▶ WHAT YOU HAVE TO DO:
Provide the number of lines in the material below that include the word "both", without any accompanying text.

───

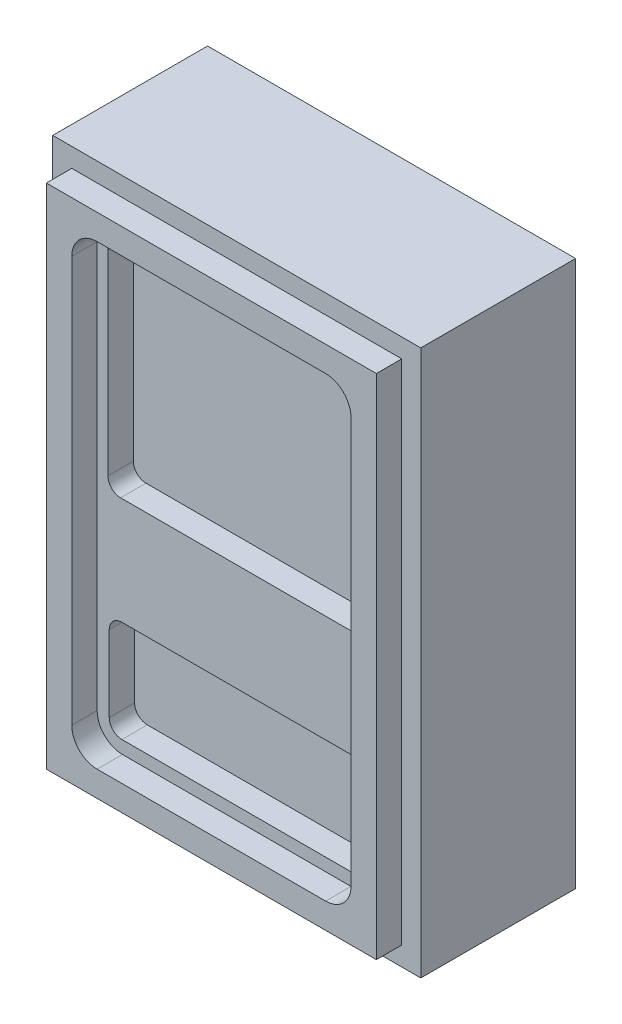
from build123d import *

# Parameters (mm, degrees)
SKETCH1_W           = 2.9
SKETCH1_H           = 4.3
BOSS_EXTRUDE1_DEPTH = 1.22
SKETCH4_W           = 0.6
SKETCH4_H           = 0.4
BOSS_EXTRUDE2_DEPTH = 0.08
SKETCH3_W           = 2.03
SKETCH3_H           = 1.74
SKETCH3_W_2         = 2.01
SKETCH3_H_2         = 0.8
CUT_EXTRUDE2_DEPTH  = 0.2
FILLET1_R           = 0.1
SKETCH2_W           = 2.6
SKETCH2_H           = 4
SKETCH2_W_2         = 2.2
SKETCH2_H_2         = 3.6
BOSS_EXTRUDE3_DEPTH = 0.2
FILLET2_R           = 0.2


with BuildPart() as part:
    # Sketch1 → Boss-Extrude1 (new body)
    with BuildSketch(Plane.XY):
        Rectangle(SKETCH1_W, SKETCH1_H)
    extrude(amount=BOSS_EXTRUDE1_DEPTH)

    # Sketch4 → Boss-Extrude2 (add)
    with BuildSketch(Plane(origin=(0, 0, 0), x_dir=(-1, 0, 0), z_dir=(0, 0, -1))):
        with Locations((0.95, 1.8)):
            Rectangle(SKETCH4_W, SKETCH4_H)
        with Locations((-0.95, 1.8)):
            Rectangle(SKETCH4_W, SKETCH4_H)
        with Locations((0.95, 1.2)):
            Rectangle(SKETCH4_W, SKETCH4_H)
        with Locations((0.95, 0.6)):
            Rectangle(SKETCH4_W, SKETCH4_H)
        with Locations((0.95, 0)):
            Rectangle(SKETCH4_W, SKETCH4_H)
        with Locations((0.95, -0.6)):
            Rectangle(SKETCH4_W, SKETCH4_H)
        with Locations((0.95, -1.2)):
            Rectangle(SKETCH4_W, SKETCH4_H)
        with Locations((0.95, -1.8)):
            Rectangle(SKETCH4_W, SKETCH4_H)
        with Locations((-0.95, 1.2)):
            Rectangle(SKETCH4_W, SKETCH4_H)
        with Locations((-0.95, 0.6)):
            Rectangle(SKETCH4_W, SKETCH4_H)
        with Locations((-0.95, 0)):
            Rectangle(SKETCH4_W, SKETCH4_H)
        with Locations((-0.95, -0.6)):
            Rectangle(SKETCH4_W, SKETCH4_H)
        with Locations((-0.95, -1.2)):
            Rectangle(SKETCH4_W, SKETCH4_H)
        with Locations((-0.95, -1.8)):
            Rectangle(SKETCH4_W, SKETCH4_H)
    extrude(amount=BOSS_EXTRUDE2_DEPTH)

    # Sketch3 → Cut-Extrude2 (cut)
    with BuildSketch(Plane.XY.offset(1.22)):
        with Locations((0, 0.814186616)):
            Rectangle(SKETCH3_W, SKETCH3_H)
        with Locations((0, -1.3)):
            Rectangle(SKETCH3_W_2, SKETCH3_H_2)
    extrude(amount=-CUT_EXTRUDE2_DEPTH, mode=Mode.SUBTRACT)

    # Fillet1
    fillet1_edges = [part.edges().sort_by_distance(p)[0] for p in [
        (1.015, 1.684186616, 1.12),
        (1.015, -0.055813384, 1.12),
        (-1.015, -0.055813384, 1.12),
        (-1.015, 1.684186616, 1.12),
        (1.005, -0.9, 1.12),
        (1.005, -1.7, 1.12),
        (-1.005, -1.7, 1.12),
        (-1.005, -0.9, 1.12),
    ]]
    fillet(fillet1_edges, radius=FILLET1_R)

    # Sketch2 → Boss-Extrude3 (add)
    with BuildSketch(Plane.XY.offset(1.22)):
        Rectangle(SKETCH2_W, SKETCH2_H)
        Rectangle(SKETCH2_W_2, SKETCH2_H_2, mode=Mode.SUBTRACT)
    extrude(amount=BOSS_EXTRUDE3_DEPTH)

    # Fillet2
    fillet2_edges = [part.edges().sort_by_distance(p)[0] for p in [
        (1.1, -1.8, 1.32),
        (-1.1, -1.8, 1.32),
        (-1.1, 1.8, 1.32),
        (1.1, 1.8, 1.32),
    ]]
    fillet(fillet2_edges, radius=FILLET2_R)


solid = part.part
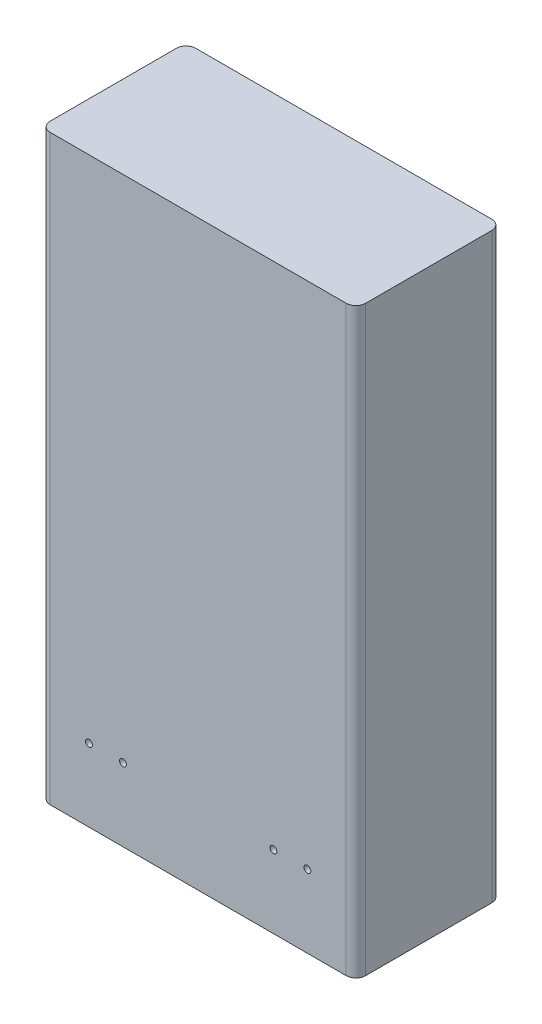
from build123d import *

# Parameters (mm, degrees)
SKETCH1_W           = 82.55
SKETCH1_H           = 152.4
BOSS_EXTRUDE1_DEPTH = 19.05
SKETCH2_R           = 0.889
CUT_EXTRUDE1_DEPTH  = 95.666127126
FILLET1_R           = 2.54


with BuildPart() as part:
    # Sketch1 → Boss-Extrude1 (new, symmetric)
    with BuildSketch(Plane.XY):
        Rectangle(SKETCH1_W, SKETCH1_H)
    extrude(amount=BOSS_EXTRUDE1_DEPTH, both=True)

    # Sketch2 → Cut-Extrude1 (cut, through all)
    with BuildSketch(Plane.XY.offset(19.05)):
        with Locations((-28.575, -57.15)):
            Circle(SKETCH2_R)
        with Locations((-19.685, -57.15)):
            Circle(SKETCH2_R)
        with Locations((28.575, -57.15)):
            Circle(SKETCH2_R)
        with Locations((19.685, -57.15)):
            Circle(SKETCH2_R)
    extrude(amount=-CUT_EXTRUDE1_DEPTH, mode=Mode.SUBTRACT)

    # Fillet1
    fillet1_edges = [part.edges().sort_by_distance(p)[0] for p in [
        (-41.275, 0, 19.05),
        (41.275, 0, 19.05),
        (-41.275, 0, -19.05),
        (41.275, 0, -19.05),
    ]]
    fillet(fillet1_edges, radius=FILLET1_R)


solid = part.part
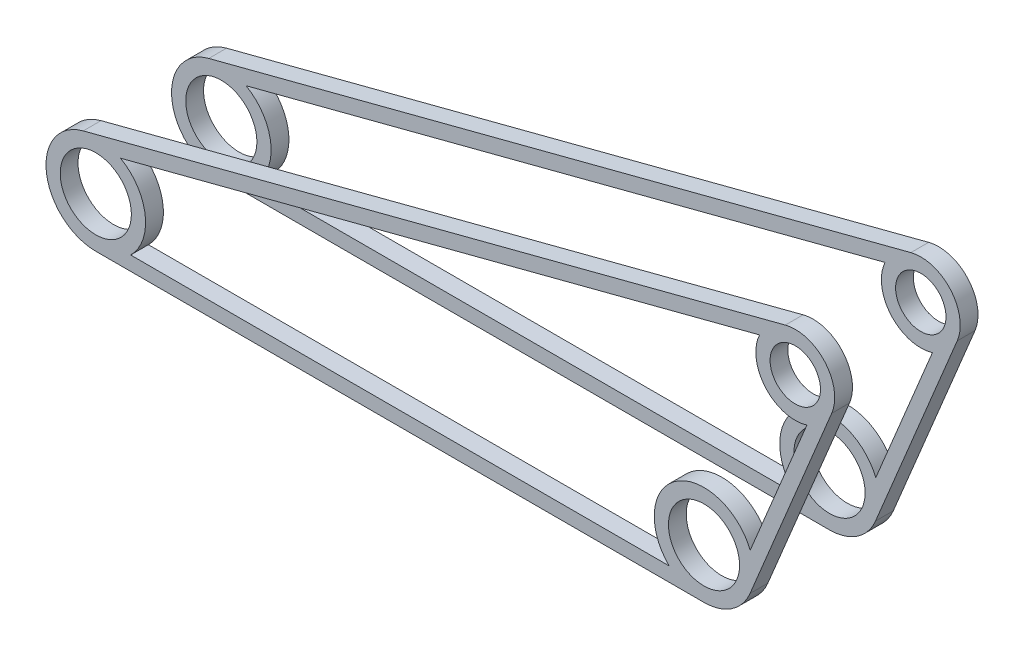
from build123d import *

# Parameters (mm, degrees)
BOSS_EXTRUDE1_START = 9.61771
SKETCH1_R           = 6.35
SKETCH1_R_2         = 4.5
BOSS_EXTRUDE1_DEPTH = 3.175
BOSS_EXTRUDE2_START = -9.61771
SKETCH1_4_R         = 6.35
SKETCH1_4_R_2       = 4.5
BOSS_EXTRUDE2_DEPTH = 3.175


with BuildPart() as part:
    # Sketch1 → Boss-Extrude1 (new body)
    with BuildSketch(Plane.XY.offset(BOSS_EXTRUDE1_START)):
        with BuildLine():
            ThreePointArc((-2.240939106, 8.602923452), (-8.817938804, -1.129626157), (0, -8.89))
            Line((0, -8.89), (108.585, -8.89))
            ThreePointArc((108.585, -8.89), (113.521814689, -7.3932375), (116.796258377, -3.406954044))
            Line((116.796258377, -3.406954044), (131.38026698, 31.742643294))
            ThreePointArc((131.38026698, 31.742643294), (130.188253202, 39.062333622), (123.103161211, 41.253277443))
            Line((123.103161211, 41.253277443), (-2.240939106, 8.602923452))
        make_face()
        Circle(SKETCH1_R, mode=Mode.SUBTRACT)
        with BuildLine():
            Line((4.420121426, 7.713275995), (118.50424059, 37.43056517))
            ThreePointArc((118.50424059, 37.43056517), (119.567273114, 29.81889368), (126.959354757, 27.715394219))
            Line((126.959354757, 27.715394219), (116.834555694, 3.31314516))
            ThreePointArc((116.834555694, 3.31314516), (103.648185311, 7.3932375), (102.363296053, -6.35))
            Line((102.363296053, -6.35), (6.221703947, -6.35))
            ThreePointArc((6.221703947, -6.35), (8.817938804, 1.129626157), (4.420121426, 7.713275995))
        make_face(mode=Mode.SUBTRACT)
        with Locations((124.877763158, 34.440613651)):
            Circle(SKETCH1_R_2, mode=Mode.SUBTRACT)
        with Locations((108.585, 0)):
            Circle(SKETCH1_R, mode=Mode.SUBTRACT)
    extrude(amount=BOSS_EXTRUDE1_DEPTH)


with BuildPart() as body_2:
    # Sketch1<4> → Boss-Extrude2 (new body)
    with BuildSketch(Plane.XY.offset(BOSS_EXTRUDE2_START)):
        with BuildLine():
            ThreePointArc((-2.240939106, 8.602923452), (-8.817938804, -1.129626157), (0, -8.89))
            Line((0, -8.89), (108.585, -8.89))
            ThreePointArc((108.585, -8.89), (113.521814689, -7.3932375), (116.796258377, -3.406954044))
            Line((116.796258377, -3.406954044), (131.38026698, 31.742643294))
            ThreePointArc((131.38026698, 31.742643294), (130.188253202, 39.062333622), (123.103161211, 41.253277443))
            Line((123.103161211, 41.253277443), (-2.240939106, 8.602923452))
        make_face()
        Circle(SKETCH1_4_R, mode=Mode.SUBTRACT)
        with BuildLine():
            Line((4.420121426, 7.713275995), (118.50424059, 37.43056517))
            ThreePointArc((118.50424059, 37.43056517), (119.567273114, 29.81889368), (126.959354757, 27.715394219))
            Line((126.959354757, 27.715394219), (116.834555694, 3.31314516))
            ThreePointArc((116.834555694, 3.31314516), (103.648185311, 7.3932375), (102.363296053, -6.35))
            Line((102.363296053, -6.35), (6.221703947, -6.35))
            ThreePointArc((6.221703947, -6.35), (8.817938804, 1.129626157), (4.420121426, 7.713275995))
        make_face(mode=Mode.SUBTRACT)
        with Locations((124.877763158, 34.440613651)):
            Circle(SKETCH1_4_R_2, mode=Mode.SUBTRACT)
        with Locations((108.585, 0)):
            Circle(SKETCH1_4_R, mode=Mode.SUBTRACT)
    extrude(amount=-BOSS_EXTRUDE2_DEPTH)


solid = Compound([part.part, body_2.part])
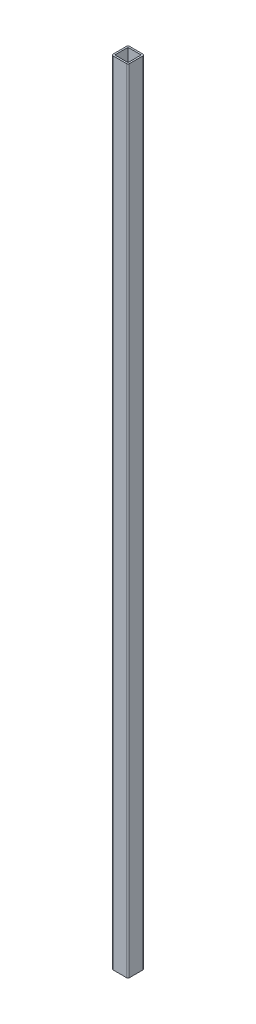
from build123d import *

# Parameters (mm, degrees)
SKETCH4_W           = 25.4
SKETCH4_H           = 25.4
BOSS_EXTRUDE6_DEPTH = 1219.2
SHELL1_T            = -2.54
FILLET1_R           = 2.54


with BuildPart() as part:
    # Sketch4 → Boss-Extrude6 (new body)
    with BuildSketch(Plane(origin=(0, 0, 0), x_dir=(1, 0, 0), z_dir=(0, 1, 0))):
        Rectangle(SKETCH4_W, SKETCH4_H)
    extrude(amount=BOSS_EXTRUDE6_DEPTH)

    # Shell1
    shell1_openings = [part.faces().sort_by_distance(p)[0] for p in [
        (0, 1219.2, 0),
        (0, 0, 0),
    ]]
    offset(amount=SHELL1_T, openings=shell1_openings, kind=Kind.INTERSECTION)

    # Fillet1
    fillet1_edges = [part.edges().sort_by_distance(p)[0] for p in [
        (12.7, 609.6, -12.7),
        (12.7, 609.6, 12.7),
        (-12.7, 609.6, 12.7),
        (-12.7, 609.6, -12.7),
    ]]
    fillet(fillet1_edges, radius=FILLET1_R)


solid = part.part
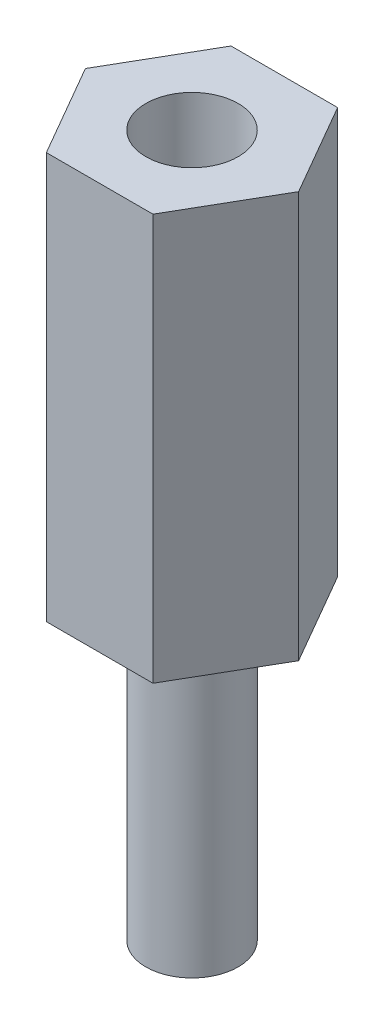
from build123d import *

# Parameters (mm, degrees)
SKETCH1_R                = 1.25
BOSS_EXTRUDE1_DEPTH      = 11
BOSS_EXTRUDE2_DEPTH      = 2
BOSS_EXTRUDE2_DEPTH_BACK = 8
SKETCH1_2_R              = 1.25


with BuildPart() as part:
    # Sketch1 → Boss-Extrude1 (new body)
    with BuildSketch(Plane(origin=(0, 0, 0), x_dir=(1, 0, 0), z_dir=(0, 1, 0))):
        Polygon((-2.886751346, 0), (-1.443375673, -2.5), (1.443375673, -2.5), (2.886751346, 0), (1.443375673, 2.5), (-1.443375673, 2.5), align=None)
        Circle(SKETCH1_R, mode=Mode.SUBTRACT)
    extrude(amount=BOSS_EXTRUDE1_DEPTH)

    # Sketch1<2> → Boss-Extrude2 (add, two sides: drawn at the far end of the back side and taken through both)
    with BuildSketch(Plane(origin=(0, 0, 0), x_dir=(1, 0, 0), z_dir=(0, 1, 0)).offset(-BOSS_EXTRUDE2_DEPTH_BACK)):
        Circle(SKETCH1_2_R)
    extrude(amount=BOSS_EXTRUDE2_DEPTH + BOSS_EXTRUDE2_DEPTH_BACK)


solid = part.part
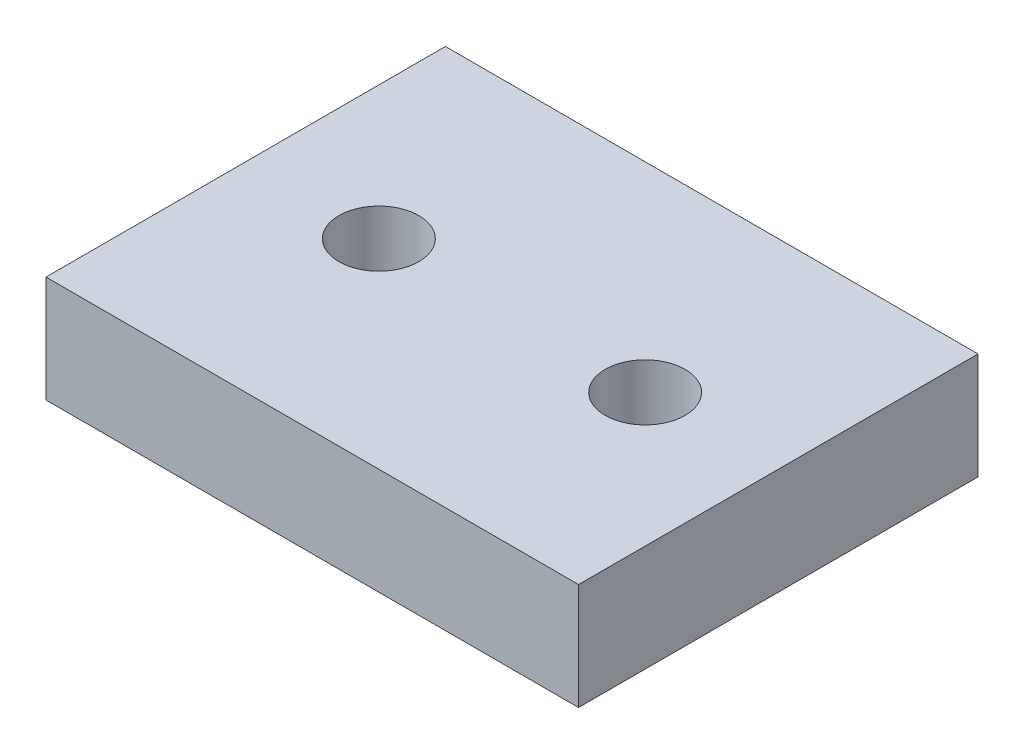
from build123d import *

# Parameters (mm, degrees)
SKETCH2_W                    = 15
SKETCH2_H                    = 4
PROFILEBOSS_EXTRUDE1_DEPTH   = 20
MOUNTHOLESSKETCH5_R          = 1.5
MOUNTHOLESCUT_EXTRUDE2_DEPTH = 26.317977802


with BuildPart() as part:
    # Sketch2 → ProfileBoss-Extrude1 (new body)
    with BuildSketch(Plane(origin=(0, 0, 0), x_dir=(0, 0, -1), z_dir=(1, 0, 0))):
        with Locations((7.5, 2)):
            Rectangle(SKETCH2_W, SKETCH2_H)
    extrude(amount=PROFILEBOSS_EXTRUDE1_DEPTH)

    # MountHolesSketch5 → MountHolesCut-Extrude2 (cut, through all)
    with BuildSketch(Plane(origin=(0, 4, 0), x_dir=(1, 0, 0), z_dir=(0, 1, 0))):
        with Locations(Location((5, 7.5, 0), (0, 0, 270))):
            Circle(MOUNTHOLESSKETCH5_R)
        with Locations(Location((15, 7.5, 0), (0, 0, 270))):
            Circle(MOUNTHOLESSKETCH5_R)
    extrude(amount=-MOUNTHOLESCUT_EXTRUDE2_DEPTH, mode=Mode.SUBTRACT)


solid = part.part
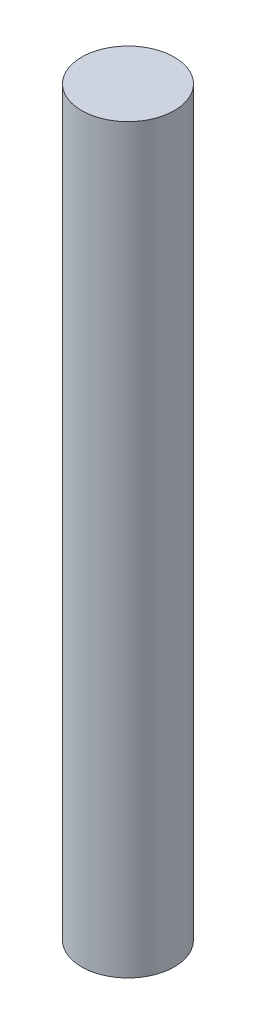
from build123d import *

# Parameters (mm, degrees)
SKETCH1_R           = 2
BOSS_EXTRUDE1_DEPTH = 32


with BuildPart() as part:
    # Sketch1 → Boss-Extrude1 (new body)
    with BuildSketch(Plane(origin=(0, 0, 0), x_dir=(1, 0, 0), z_dir=(0, 1, 0))):
        with Locations(Location((0, 0, 0), (0, 0, 270))):
            Circle(SKETCH1_R)
    extrude(amount=BOSS_EXTRUDE1_DEPTH)


solid = part.part
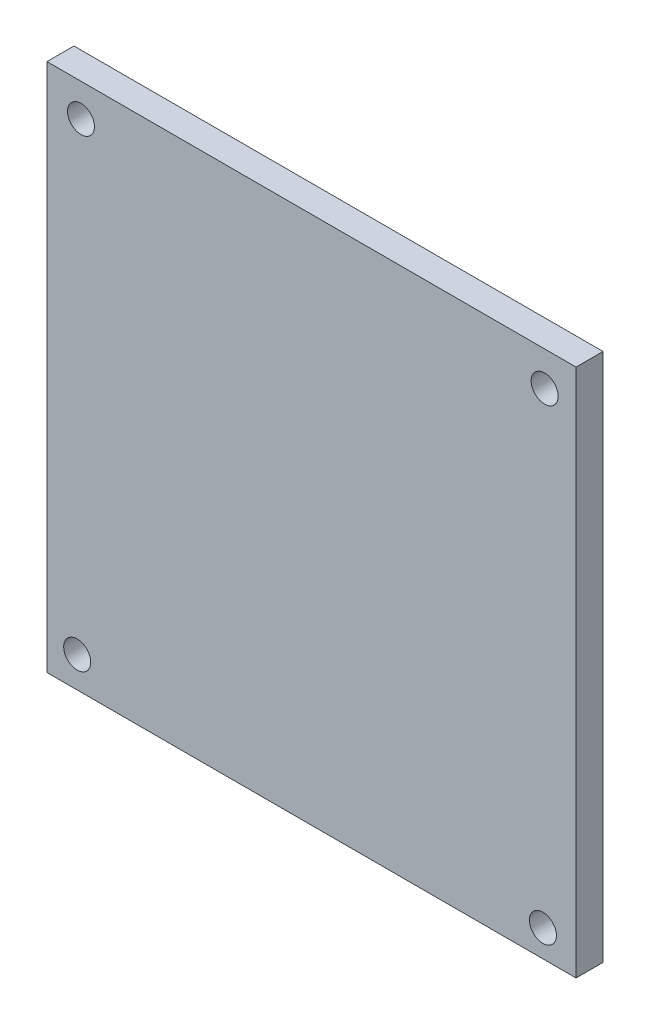
from build123d import *

# Parameters (mm, degrees)
SKETCH1_W           = 49.784
SKETCH1_H           = 49.784
BOSS_EXTRUDE1_DEPTH = 2.54
SKETCH2_R           = 1.27
CUT_EXTRUDE1_DEPTH  = 36.294120304


with BuildPart() as part:
    # Sketch1 → Boss-Extrude1 (new body)
    with BuildSketch(Plane.XY):
        Rectangle(SKETCH1_W, SKETCH1_H)
    extrude(amount=BOSS_EXTRUDE1_DEPTH)

    # Sketch2 → Cut-Extrude1 (cut, through all)
    with BuildSketch(Plane.XY.offset(2.54)):
        with Locations((-21.688499139, 21.818469938)):
            Circle(SKETCH2_R)
        with Locations((-22.0472, -22.003711907)):
            Circle(SKETCH2_R)
        with Locations((21.774981845, -22.362412768)):
            Circle(SKETCH2_R)
        with Locations((21.934472809, 21.661343147)):
            Circle(SKETCH2_R)
    extrude(amount=-CUT_EXTRUDE1_DEPTH, mode=Mode.SUBTRACT)


solid = part.part

───

▶ ANSWER TO THE EXERCISE:
2